Wouldn’t measuring,
with index finger and thumb, the slight wall between the anal cavity and the
vaginal cavity of a woman require a more fixed and intimate understanding of
not only the body, but possibly the methods one has of imagining space? Circling
this line of thought down to a moment of establishment in the ear ever so long
ago would have the effect of a cold towel on him as he sits with legs and arms
crossed, breast folded into knees so that making himself small would in turn enlarge
everything which is not him.
I’m
curious about the floating, meditative, lyric accretions that make up North
Carolina poet Lance Phillips’ Mimer (Boise
ID: Ahsahta Press, 2015). This is his fourth poetry collection, after Corpus Socius (2002), Cur Aliquid Vidi (2004) and These Indicium Tales (2010), all of
which have been published by Ahsahta Press. The prose poems and lyric fragments
that make up Mimer manage to hold together
so easily and seamlessly that it would appear that Mimer is less than a poetry collection than a single, extended,
fragmented lyric, composed across an enormously broad canvas. His “Author
Statement,” included as part of the press release, includes:
I think of the book as
a collection of parables, but in the sense that Crossan uses the term, as
disrupters. Parables are meant to attack the status quo, to enact the “kingdom
of heaven” on earth, to speak metaphorically. A parable is an orgasm, or so I take
it to be, which allows the body to arrive at its own disruption.
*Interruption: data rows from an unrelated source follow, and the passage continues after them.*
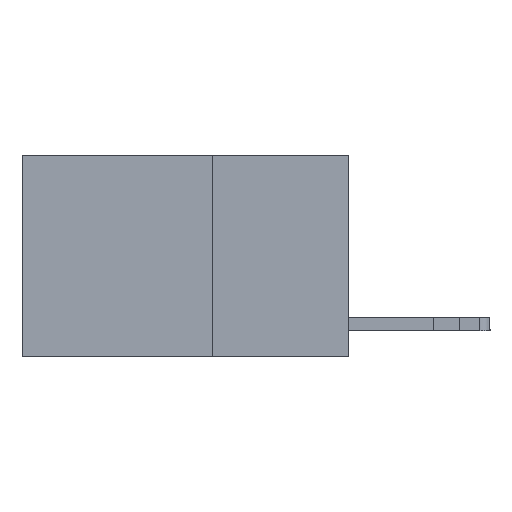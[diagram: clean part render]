
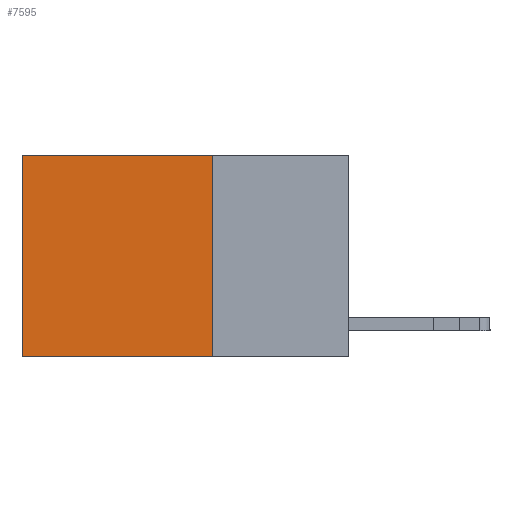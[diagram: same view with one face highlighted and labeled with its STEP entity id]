
A CAD part, left-side view. The second image highlights one B-rep face of the part: STEP entity #7595.
In plain terms, the highlighted planar face has unit normal (-1, 0, 0).
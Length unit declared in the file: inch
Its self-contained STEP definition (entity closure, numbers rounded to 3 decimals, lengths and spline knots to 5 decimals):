
#1117 = CARTESIAN_POINT ( 'NONE',  ( 0.2625, 0.25, 0. ) ) ;
#2905 = CARTESIAN_POINT ( 'NONE',  ( 0.2625, 0.25, -0.37 ) ) ;
#4015 = EDGE_LOOP ( 'NONE', ( #11353, #14677, #7629, #11183 ) ) ;
#4048 = EDGE_CURVE ( 'NONE', #12316, #11902, #14141, .T. ) ;
#4847 = VECTOR ( 'NONE', #5238, 39.37008 ) ;
#5238 = DIRECTION ( 'NONE',  ( 0., 1., 0. ) ) ;
#6205 = VECTOR ( 'NONE', #9067, 39.37008 ) ;
#6237 = CARTESIAN_POINT ( 'NONE',  ( 0.2625, 0.6, 0. ) ) ;
#6498 = EDGE_CURVE ( 'NONE', #8528, #11902, #9720, .T. ) ;
#6697 = FACE_OUTER_BOUND ( 'NONE', #4015, .T. ) ;
#7258 = VECTOR ( 'NONE', #14292, 39.37008 ) ;
#7595 = ADVANCED_FACE ( 'NONE', ( #6697 ), #9082, .F. ) ;
#7629 = ORIENTED_EDGE ( 'NONE', *, *, #11291, .F. ) ;
#7779 = LINE ( 'NONE', #7930, #9543 ) ;
#7930 = CARTESIAN_POINT ( 'NONE',  ( 0.2625, 0.25, 0. ) ) ;
#8528 = VERTEX_POINT ( 'NONE', #14626 ) ;
#8604 = CARTESIAN_POINT ( 'NONE',  ( 0.2625, 0.6, 0. ) ) ;
#9067 = DIRECTION ( 'NONE',  ( 0., 1., 0. ) ) ;
#9082 = PLANE ( 'NONE',  #11122 ) ;
#9543 = VECTOR ( 'NONE', #12324, 39.37008 ) ;
#9720 = LINE ( 'NONE', #2905, #4847 ) ;
#10209 = CARTESIAN_POINT ( 'NONE',  ( 0.2625, 0.25, 0. ) ) ;
#10929 = VERTEX_POINT ( 'NONE', #1117 ) ;
#11122 = AXIS2_PLACEMENT_3D ( 'NONE', #10209, #11243, #12508 ) ;
#11183 = ORIENTED_EDGE ( 'NONE', *, *, #12092, .T. ) ;
#11243 = DIRECTION ( 'NONE',  ( 1., 0., 0. ) ) ;
#11291 = EDGE_CURVE ( 'NONE', #10929, #8528, #7779, .T. ) ;
#11353 = ORIENTED_EDGE ( 'NONE', *, *, #4048, .T. ) ;
#11902 = VERTEX_POINT ( 'NONE', #12072 ) ;
#12072 = CARTESIAN_POINT ( 'NONE',  ( 0.2625, 0.6, -0.37 ) ) ;
#12092 = EDGE_CURVE ( 'NONE', #10929, #12316, #12637, .T. ) ;
#12316 = VERTEX_POINT ( 'NONE', #8604 ) ;
#12324 = DIRECTION ( 'NONE',  ( 0., 0., -1. ) ) ;
#12508 = DIRECTION ( 'NONE',  ( 0., 0., -1. ) ) ;
#12637 = LINE ( 'NONE', #13684, #6205 ) ;
#13684 = CARTESIAN_POINT ( 'NONE',  ( 0.2625, 0.25, 0. ) ) ;
#14141 = LINE ( 'NONE', #6237, #7258 ) ;
#14292 = DIRECTION ( 'NONE',  ( 0., 0., -1. ) ) ;
#14626 = CARTESIAN_POINT ( 'NONE',  ( 0.2625, 0.25, -0.37 ) ) ;
#14677 = ORIENTED_EDGE ( 'NONE', *, *, #6498, .F. ) ;

Those disruptions
present authentic reality.
Constructed
in four sections, two of which, themselves, break down further into
poem-sections, there is something of the collage in his lyric mediations,
playing off each other like cards, not entirely sure where they are headed, but
seeking out and searching, constantly, for comprehension. This is a book that
can be opened at any point to begin reading, and read in any direction. Through
the prose-poem, there is something in Phillips’ work of Phil Hall’s bricolage and lyric koan, approaching wisdom through accumulation, consideration and the
pause, itself on the very edge of hesitation.
He was dumbfounded at
the minutiae, at the sheer will of that process which seemed to force his hand
with regard to the graph. Prius, he could call his mind there in the diffuse
light. Primus, which painted the walls and added grain to the floorboards;
Primus, the sense made of the marks on the graph, the sense of imagining to
speak; Primus, whatever animal heart was a scourge to him in his socks and deep
in memory. Goose-pimples all the while he was repositioning the graph on the
ceiling and all the while he wrote Primus
over the outline of his body as a continuous barrier, dipping and rising in
small letters and touching the horizon of skin just as a hand in the sea.